# STUDY MATERIAL
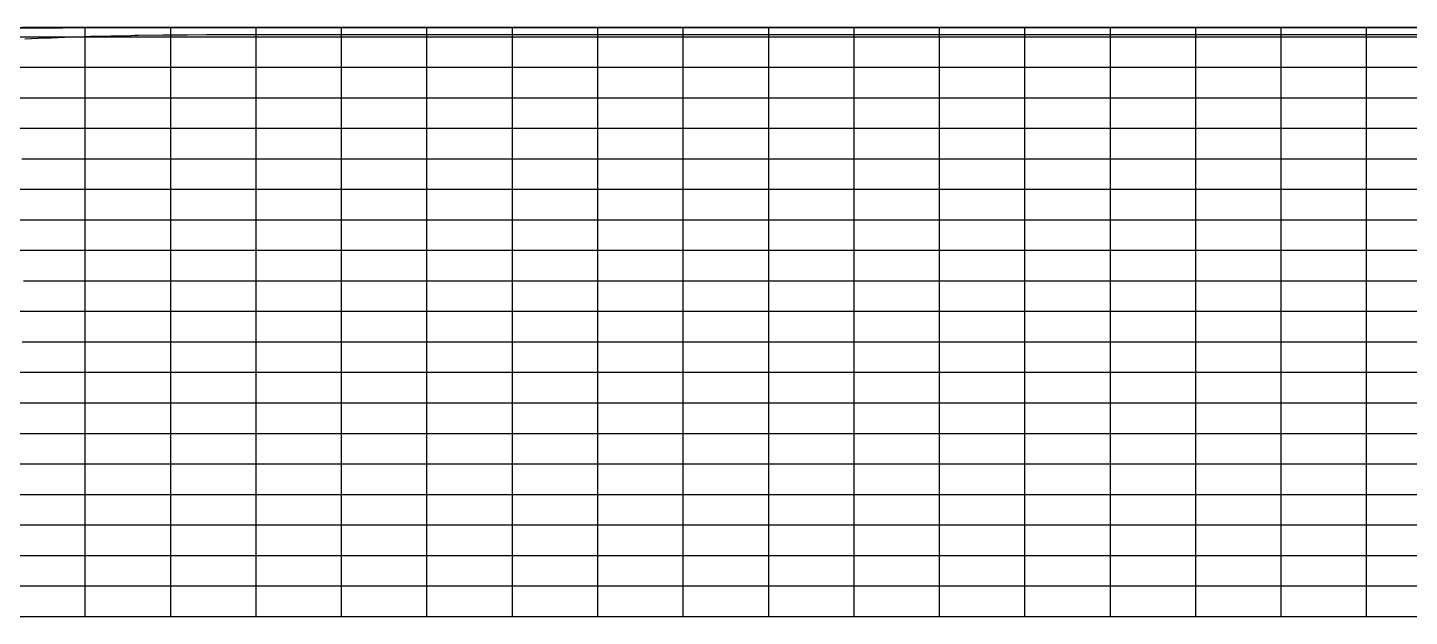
# Model space of a CAD drawing. Header units: millimetres. Extents: x 0 to 181739, y 0 to 19300.
# Drawn here: x 45710 to 91000, y 0 to 19300 of the extents above; entities that cross this region are included whole.
import ezdxf

# ---------------------------------------------------------------- set-up
doc = ezdxf.new("R2010")
doc.units = ezdxf.units.MM
for name, color, linetype in [('BUTTOCKS', 6, 'Continuous'), ('Knuckle', 1, 'Continuous'), ('SECTIONS', 3, 'Continuous'), ('WATERLINES', 5, 'Continuous')]:
    doc.layers.add(name, color=color, linetype=linetype)

msp = doc.modelspace()

# ---------------------------------------------------------------- linework, layer by layer
at = {"color": 2}
msp.add_polyline3d([(114800, 19300, 1900), (52200, 19300, 1900), (51878, 19300, 1901), (51557, 19300, 1903), (51021, 19300, 1913), (50486, 19300, 1929), (49707, 19300, 1958), (48928, 19300, 1992), (48767, 19300, 2000), (48605, 19300, 2008), (47981, 19300, 2042), (47357, 19300, 2083), (47223, 19300, 2093), (47089, 19300, 2104), (46564, 19300, 2147), (46039, 19300, 2194), (45528, 19300, 2244)], dxfattribs=at)
at = {"layer": 'BUTTOCKS'}
for points in [[(45430, 19000, 1119), (46059, 19000, 1076), (46624, 19000, 1040), (47189, 19000, 1007), (47736, 19000, 979), (48284, 19000, 954), (48715, 19000, 937), (49146, 19000, 923), (49361, 19000, 916), (49575, 19000, 910), (50437, 19000, 891), (51094, 19000, 882), (51751, 19000, 878), (51976, 19000, 877), (52200, 19000, 877), (114800, 19000, 875)], [(45340, 18000, 265), (45896, 18000, 240), (46452, 18000, 217), (47163, 18000, 191), (47874, 18000, 168), (48178, 18000, 159), (48483, 18000, 150), (49245, 18000, 131), (50008, 18000, 116), (50627, 18000, 107), (51247, 18000, 101), (51724, 18000, 99), (52200, 18000, 98), (114800, 18000, 93)], [(45151, 17000, 102), (45729, 17000, 87), (46884, 17000, 63), (47237, 17000, 56), (47590, 17000, 49), (48648, 17000, 30), (49706, 17000, 16), (50322, 17000, 9), (50937, 17000, 4), (51569, 17000, 1), (52200, 17000, 0), (119349, 17000, 0)], [(45448, 16000, 65), (46257, 16000, 51), (47067, 16000, 39), (48298, 16000, 21), (49530, 16000, 8), (49828, 16000, 6), (50126, 16000, 4), (51163, 16000, 1), (52200, 16000, 0), (123964, 16000, 0)], [(45525, 15000, 57), (46419, 15000, 41), (47312, 15000, 28), (48654, 15000, 14), (49764, 15000, 6), (50873, 15000, 2), (51537, 15000, 0), (52200, 15000, 0), (127467, 15000, 0)], [(44836, 14000, 66), (46058, 14000, 43), (47372, 14000, 25), (48579, 14000, 13), (49786, 14000, 5), (50993, 14000, 1), (52200, 14000, 0), (130402, 14000, 0)], [(44769, 13000, 65), (45797, 13000, 45), (46825, 13000, 30), (47776, 13000, 19), (48728, 13000, 11), (50169, 13000, 3), (51611, 13000, 0), (52200, 13000, 0), (132970, 13000, 0)], [(45185, 12000, 54), (46062, 12000, 39), (46840, 12000, 29), (47618, 12000, 20), (48764, 12000, 10), (49909, 12000, 4), (51055, 12000, 1), (52200, 12000, 0), (135288, 12000, 0)], [(45579, 11000, 45), (46477, 11000, 32), (47376, 11000, 21), (48582, 11000, 11), (49788, 11000, 5), (50994, 11000, 1), (52200, 11000, 0), (137467, 11000, 0)], [(44483, 10000, 61), (45914, 10000, 38), (46963, 10000, 24), (48012, 10000, 15), (49419, 10000, 6), (50825, 10000, 1), (52200, 10000, 0), (139586, 10000, 0)], [(45529, 9000, 41), (46062, 9000, 34), (47167, 9000, 21), (48272, 9000, 12), (50236, 9000, 3), (52200, 9000, 0), (141680, 9000, 0)], [(45040, 8000, 46), (45873, 8000, 34), (46706, 8000, 24), (48232, 8000, 11), (49758, 8000, 4), (50979, 8000, 1), (52200, 8000, 0), (143818, 8000, 0)], [(45051, 7000, 41), (46458, 7000, 25), (48165, 7000, 11), (49873, 7000, 3), (51037, 7000, 1), (52200, 7000, 0), (146016, 7000, 0)], [(45419, 6000, 33), (46821, 6000, 19), (47597, 6000, 13), (48748, 6000, 7), (49899, 6000, 3), (52200, 6000, 0), (148246, 6000, 0)], [(45242, 5000, 31), (46824, 5000, 17), (47597, 5000, 12), (48748, 5000, 6), (49899, 5000, 3), (52200, 5000, 0), (150475, 5000, 0)], [(45040, 4000, 28), (46269, 4000, 18), (47497, 4000, 10), (49849, 4000, 2), (52200, 4000, 0), (152696, 4000, 0)], [(45080, 3000, 24), (46646, 3000, 13), (48213, 3000, 6), (50206, 3000, 1), (52200, 3000, 0), (155017, 3000, 0)], [(44887, 2000, 21), (46823, 2000, 9), (48937, 2000, 3), (51050, 2000, 0), (52200, 2000, 0), (157806, 2000, 0)], [(45187, 1000, 15), (46111, 1000, 10), (47036, 1000, 6), (49618, 1000, 1), (52200, 1000, 0), (163770, 1000, 0)]]:
    msp.add_polyline3d(points, dxfattribs=at)
at = {"layer": 'Knuckle'}
msp.add_polyline3d([(45447, 0, 10), (47784, 0, 3), (50122, 0, 0), (51161, 0, 0), (170277, 0, 0)], dxfattribs=at)
at = {"layer": 'SECTIONS'}
for points in [[(47600, 0, 3), (47600, 5573, 12), (47600, 11146, 19), (47600, 12831, 21), (47600, 14517, 23), (47600, 15142, 26), (47600, 15806, 29), (47600, 16469, 37), (47600, 16897, 46), (47600, 17149, 53), (47600, 17274, 59), (47600, 17400, 66), (47600, 17512, 76), (47600, 17624, 90), (47600, 17736, 108), (47600, 17846, 131), (47600, 17941, 157), (47600, 18034, 189), (47600, 18125, 225), (47600, 18213, 267), (47600, 18299, 314), (47600, 18404, 380), (47600, 18504, 451), (47600, 18600, 528), (47600, 18691, 610), (47600, 18761, 680), (47600, 18827, 753), (47600, 18890, 830), (47600, 18949, 909), (47600, 19004, 991), (47600, 19054, 1076), (47600, 19100, 1163), (47600, 19141, 1252), (47600, 19177, 1344), (47600, 19216, 1461), (47600, 19248, 1580), (47600, 19272, 1700), (47600, 19288, 1822), (47600, 19297, 1944), (47600, 19300, 2066), (47600, 19300, 9000)], [(50400, 0, 0), (50400, 5618, 1), (50400, 11235, 3), (50400, 13031, 3), (50400, 14827, 3), (50400, 15435, 3), (50400, 16042, 4), (50400, 16721, 7), (50400, 17400, 12), (50400, 17509, 16), (50400, 17618, 26), (50400, 17727, 41), (50400, 17834, 63), (50400, 17861, 69), (50400, 17888, 76), (50400, 17966, 99), (50400, 18043, 125), (50400, 18119, 155), (50400, 18230, 205), (50400, 18338, 263), (50400, 18421, 314), (50400, 18501, 369), (50400, 18592, 438), (50400, 18636, 474), (50400, 18678, 511), (50400, 18715, 546), (50400, 18752, 581), (50400, 18832, 669), (50400, 18907, 761), (50400, 18977, 857), (50400, 19041, 958), (50400, 19098, 1062), (50400, 19147, 1170), (50400, 19165, 1214), (50400, 19183, 1259), (50400, 19215, 1353), (50400, 19242, 1448), (50400, 19264, 1545), (50400, 19281, 1643), (50400, 19292, 1742), (50400, 19298, 1841), (50400, 19300, 1891), (50400, 19300, 1941), (50400, 19300, 9000)], [(53200, 0, 0), (53200, 17400, 0), (53200, 17499, 3), (53200, 17597, 10), (53200, 17712, 26), (53200, 17825, 49), (53200, 17937, 78), (53200, 18047, 114), (53200, 18154, 156), (53200, 18259, 206), (53200, 18361, 261), (53200, 18458, 322), (53200, 18540, 380), (53200, 18618, 443), (53200, 18693, 509), (53200, 18765, 579), (53200, 18832, 653), (53200, 18896, 730), (53200, 18955, 810), (53200, 19011, 894), (53200, 19062, 980), (53200, 19108, 1069), (53200, 19152, 1167), (53200, 19191, 1267), (53200, 19224, 1369), (53200, 19251, 1473), (53200, 19273, 1579), (53200, 19288, 1685), (53200, 19297, 1792), (53200, 19300, 1900), (53200, 19300, 9000)], [(56000, 0, 0), (56000, 17400, 0), (56000, 17522, 4), (56000, 17644, 16), (56000, 17765, 35), (56000, 17885, 63), (56000, 18002, 98), (56000, 18117, 141), (56000, 18229, 191), (56000, 18338, 248), (56000, 18422, 298), (56000, 18503, 353), (56000, 18581, 412), (56000, 18656, 475), (56000, 18728, 542), (56000, 18796, 612), (56000, 18862, 687), (56000, 18924, 766), (56000, 18981, 848), (56000, 19034, 932), (56000, 19083, 1020), (56000, 19127, 1109), (56000, 19167, 1201), (56000, 19201, 1295), (56000, 19230, 1391), (56000, 19255, 1487), (56000, 19274, 1589), (56000, 19289, 1692), (56000, 19297, 1796), (56000, 19300, 1900), (56000, 19300, 9000)], [(58800, 0, 0), (58800, 17400, 0), (58800, 17522, 4), (58800, 17644, 16), (58800, 17765, 35), (58800, 17884, 63), (58800, 18001, 98), (58800, 18116, 140), (58800, 18228, 190), (58800, 18336, 247), (58800, 18437, 308), (58800, 18533, 376), (58800, 18626, 449), (58800, 18713, 528), (58800, 18796, 612), (58800, 18876, 705), (58800, 18950, 802), (58800, 19017, 904), (58800, 19078, 1009), (58800, 19132, 1119), (58800, 19179, 1232), (58800, 19218, 1347), (58800, 19250, 1465), (58800, 19272, 1573), (58800, 19287, 1681), (58800, 19297, 1790), (58800, 19300, 1900), (58800, 19300, 9000)], [(61600, 0, 0), (61600, 17400, 0), (61600, 17522, 4), (61600, 17643, 16), (61600, 17764, 35), (61600, 17883, 62), (61600, 18000, 97), (61600, 18114, 139), (61600, 18226, 189), (61600, 18334, 245), (61600, 18432, 305), (61600, 18526, 370), (61600, 18616, 441), (61600, 18702, 517), (61600, 18789, 604), (61600, 18870, 697), (61600, 18945, 795), (61600, 19013, 897), (61600, 19063, 982), (61600, 19109, 1069), (61600, 19149, 1159), (61600, 19185, 1251), (61600, 19217, 1344), (61600, 19242, 1435), (61600, 19263, 1526), (61600, 19279, 1619), (61600, 19291, 1712), (61600, 19298, 1806), (61600, 19300, 1900), (61600, 19300, 9000)], [(64400, 0, 0), (64400, 17400, 0), (64400, 17522, 4), (64400, 17643, 16), (64400, 17763, 35), (64400, 17882, 62), (64400, 17998, 96), (64400, 18113, 138), (64400, 18224, 188), (64400, 18332, 244), (64400, 18410, 291), (64400, 18486, 342), (64400, 18560, 396), (64400, 18631, 453), (64400, 18699, 514), (64400, 18764, 578), (64400, 18831, 652), (64400, 18895, 728), (64400, 18954, 808), (64400, 19009, 891), (64400, 19060, 976), (64400, 19106, 1064), (64400, 19147, 1155), (64400, 19184, 1247), (64400, 19216, 1341), (64400, 19243, 1437), (64400, 19268, 1551), (64400, 19286, 1667), (64400, 19296, 1783), (64400, 19300, 1900), (64400, 19300, 9000)], [(67200, 0, 0), (67200, 17400, 0), (67200, 17521, 4), (67200, 17642, 15), (67200, 17762, 35), (67200, 17881, 61), (67200, 17997, 96), (67200, 18111, 138), (67200, 18222, 187), (67200, 18330, 243), (67200, 18425, 300), (67200, 18516, 363), (67200, 18604, 431), (67200, 18688, 504), (67200, 18767, 581), (67200, 18842, 664), (67200, 18911, 750), (67200, 18976, 840), (67200, 19035, 934), (67200, 19085, 1022), (67200, 19129, 1113), (67200, 19169, 1207), (67200, 19203, 1302), (67200, 19233, 1399), (67200, 19257, 1497), (67200, 19276, 1597), (67200, 19289, 1698), (67200, 19297, 1799), (67200, 19300, 1900), (67200, 19300, 9000)], [(70000, 0, 0), (70000, 17400, 0), (70000, 17489, 2), (70000, 17578, 8), (70000, 17666, 18), (70000, 17754, 33), (70000, 17841, 51), (70000, 17927, 74), (70000, 18021, 104), (70000, 18114, 138), (70000, 18204, 178), (70000, 18293, 222), (70000, 18378, 271), (70000, 18482, 339), (70000, 18581, 413), (70000, 18675, 493), (70000, 18764, 578), (70000, 18846, 669), (70000, 18923, 765), (70000, 18993, 866), (70000, 19057, 970), (70000, 19113, 1078), (70000, 19162, 1189), (70000, 19204, 1303), (70000, 19238, 1419), (70000, 19265, 1538), (70000, 19285, 1658), (70000, 19296, 1779), (70000, 19300, 1900), (70000, 19300, 9000)], [(72800, 0, 0), (72800, 17400, 0), (72800, 17489, 2), (72800, 17577, 8), (72800, 17665, 18), (72800, 17753, 32), (72800, 17840, 51), (72800, 17926, 73), (72800, 18020, 103), (72800, 18113, 138), (72800, 18203, 177), (72800, 18292, 222), (72800, 18378, 271), (72800, 18481, 338), (72800, 18580, 412), (72800, 18675, 492), (72800, 18764, 578), (72800, 18814, 633), (72800, 18863, 690), (72800, 18910, 748), (72800, 18954, 808), (72800, 19010, 891), (72800, 19061, 978), (72800, 19107, 1066), (72800, 19149, 1157), (72800, 19185, 1251), (72800, 19217, 1345), (72800, 19244, 1442), (72800, 19265, 1540), (72800, 19282, 1639), (72800, 19293, 1738), (72800, 19298, 1819), (72800, 19300, 1900), (72800, 19300, 9000)], [(75600, 0, 0), (75600, 17400, 0), (75600, 17509, 3), (75600, 17617, 12), (75600, 17724, 27), (75600, 17831, 49), (75600, 17927, 73), (75600, 18022, 103), (75600, 18115, 138), (75600, 18206, 179), (75600, 18294, 223), (75600, 18402, 286), (75600, 18505, 355), (75600, 18603, 431), (75600, 18697, 513), (75600, 18730, 545), (75600, 18763, 578), (75600, 18846, 669), (75600, 18922, 765), (75600, 18993, 865), (75600, 19056, 970), (75600, 19102, 1057), (75600, 19144, 1146), (75600, 19180, 1237), (75600, 19212, 1329), (75600, 19239, 1424), (75600, 19266, 1541), (75600, 19285, 1660), (75600, 19296, 1780), (75600, 19300, 1900), (75600, 19300, 9000)], [(78400, 0, 0), (78400, 17400, 0), (78400, 17520, 4), (78400, 17640, 15), (78400, 17759, 33), (78400, 17876, 59), (78400, 17972, 87), (78400, 18066, 119), (78400, 18158, 156), (78400, 18248, 199), (78400, 18335, 246), (78400, 18441, 311), (78400, 18542, 383), (78400, 18639, 461), (78400, 18730, 545), (78400, 18783, 599), (78400, 18833, 654), (78400, 18910, 748), (78400, 18980, 846), (78400, 19044, 949), (78400, 19102, 1056), (78400, 19152, 1166), (78400, 19196, 1279), (78400, 19232, 1395), (78400, 19260, 1512), (78400, 19277, 1608), (78400, 19290, 1705), (78400, 19297, 1802), (78400, 19300, 1900), (78400, 19300, 9000)], [(81200, 0, 0), (81200, 17400, 0), (81200, 17520, 4), (81200, 17639, 15), (81200, 17758, 33), (81200, 17875, 59), (81200, 17970, 86), (81200, 18064, 118), (81200, 18157, 156), (81200, 18247, 198), (81200, 18334, 245), (81200, 18440, 311), (81200, 18542, 383), (81200, 18638, 461), (81200, 18730, 545), (81200, 18770, 585), (81200, 18809, 627), (81200, 18886, 718), (81200, 18958, 814), (81200, 19023, 914), (81200, 19082, 1018), (81200, 19135, 1125), (81200, 19180, 1236), (81200, 19218, 1349), (81200, 19249, 1464), (81200, 19272, 1572), (81200, 19287, 1681), (81200, 19297, 1790), (81200, 19300, 1900), (81200, 19300, 9000)], [(84000, 0, 0), (84000, 17400, 0), (84000, 17519, 4), (84000, 17638, 14), (84000, 17757, 33), (84000, 17873, 58), (84000, 17969, 85), (84000, 18063, 118), (84000, 18156, 155), (84000, 18246, 198), (84000, 18333, 245), (84000, 18440, 310), (84000, 18541, 382), (84000, 18638, 461), (84000, 18730, 545), (84000, 18810, 628), (84000, 18885, 717), (84000, 18954, 809), (84000, 19018, 905), (84000, 19076, 1006), (84000, 19128, 1109), (84000, 19173, 1216), (84000, 19211, 1325), (84000, 19238, 1418), (84000, 19260, 1513), (84000, 19278, 1609), (84000, 19290, 1706), (84000, 19298, 1803), (84000, 19300, 1900), (84000, 19300, 9000)], [(86800, 0, 0), (86800, 17400, 0), (86800, 17483, 2), (86800, 17567, 7), (86800, 17650, 16), (86800, 17732, 28), (86800, 17830, 48), (86800, 17926, 73), (86800, 18022, 103), (86800, 18115, 138), (86800, 18206, 179), (86800, 18295, 224), (86800, 18382, 274), (86800, 18466, 328), (86800, 18547, 387), (86800, 18624, 449), (86800, 18714, 530), (86800, 18799, 617), (86800, 18878, 709), (86800, 18952, 805), (86800, 19019, 906), (86800, 19079, 1011), (86800, 19133, 1120), (86800, 19179, 1231), (86800, 19216, 1339), (86800, 19246, 1449), (86800, 19270, 1560), (86800, 19286, 1673), (86800, 19297, 1786), (86800, 19300, 1900), (86800, 19300, 9000)], [(89600, 0, 0), (89600, 17400, 0), (89600, 17495, 2), (89600, 17590, 9), (89600, 17684, 20), (89600, 17778, 36), (89600, 17875, 58), (89600, 17971, 86), (89600, 18065, 118), (89600, 18158, 156), (89600, 18248, 199), (89600, 18336, 247), (89600, 18421, 299), (89600, 18504, 355), (89600, 18583, 415), (89600, 18660, 480), (89600, 18748, 563), (89600, 18830, 652), (89600, 18907, 746), (89600, 18978, 844), (89600, 19043, 946), (89600, 19101, 1053), (89600, 19152, 1163), (89600, 19195, 1276), (89600, 19227, 1377), (89600, 19253, 1480), (89600, 19274, 1584), (89600, 19288, 1688), (89600, 19297, 1794), (89600, 19300, 1900), (89600, 19300, 9000)]]:
    msp.add_polyline3d(points, dxfattribs=at)
at = {"layer": 'WATERLINES'}
for points in [[(11232, 19300, 9000), (138657, 19300, 9000)], [(15178, 19300, 8000), (137308, 19300, 8000)], [(19408, 19300, 7000), (135826, 19300, 7000)], [(23896, 19300, 6000), (134124, 19300, 6000)], [(28662, 19300, 5000), (132055, 19300, 5000)], [(33820, 19300, 4000), (129466, 19300, 4000)], [(39733, 19300, 3000), (126115, 19300, 3000)], [(45044, 19282, 2000), (45959, 19292, 2000), (46409, 19295, 2000), (46859, 19297, 2000), (47812, 19300, 2000), (48765, 19300, 2000), (119741, 19300, 2000)], [(45622, 18933, 1000), (45840, 18943, 1000), (46057, 18952, 1000), (46486, 18970, 1000), (46915, 18986, 1000), (47344, 19001, 1000), (47774, 19015, 1000), (48441, 19033, 1000), (49109, 19047, 1000), (49225, 19049, 1000), (49341, 19051, 1000), (50146, 19062, 1000), (50951, 19069, 1000), (51575, 19071, 1000), (52200, 19072, 1000), (114800, 19074, 1000)]]:
    msp.add_polyline3d(points, dxfattribs=at)

doc.saveas('drawing.dxf')

# YOUR GOAL
Those lines of the records that contain the string "color" should be identified and copied.

# PROBLEM SOLUTION
for name, color, linetype in [('BUTTOCKS', 6, 'Continuous'), ('Knuckle', 1, 'Continuous'), ('SECTIONS', 3, 'Continuous'), ('WATERLINES', 5, 'Continuous')]:
    doc.layers.add(name, color=color, linetype=linetype)
at = {"color": 2}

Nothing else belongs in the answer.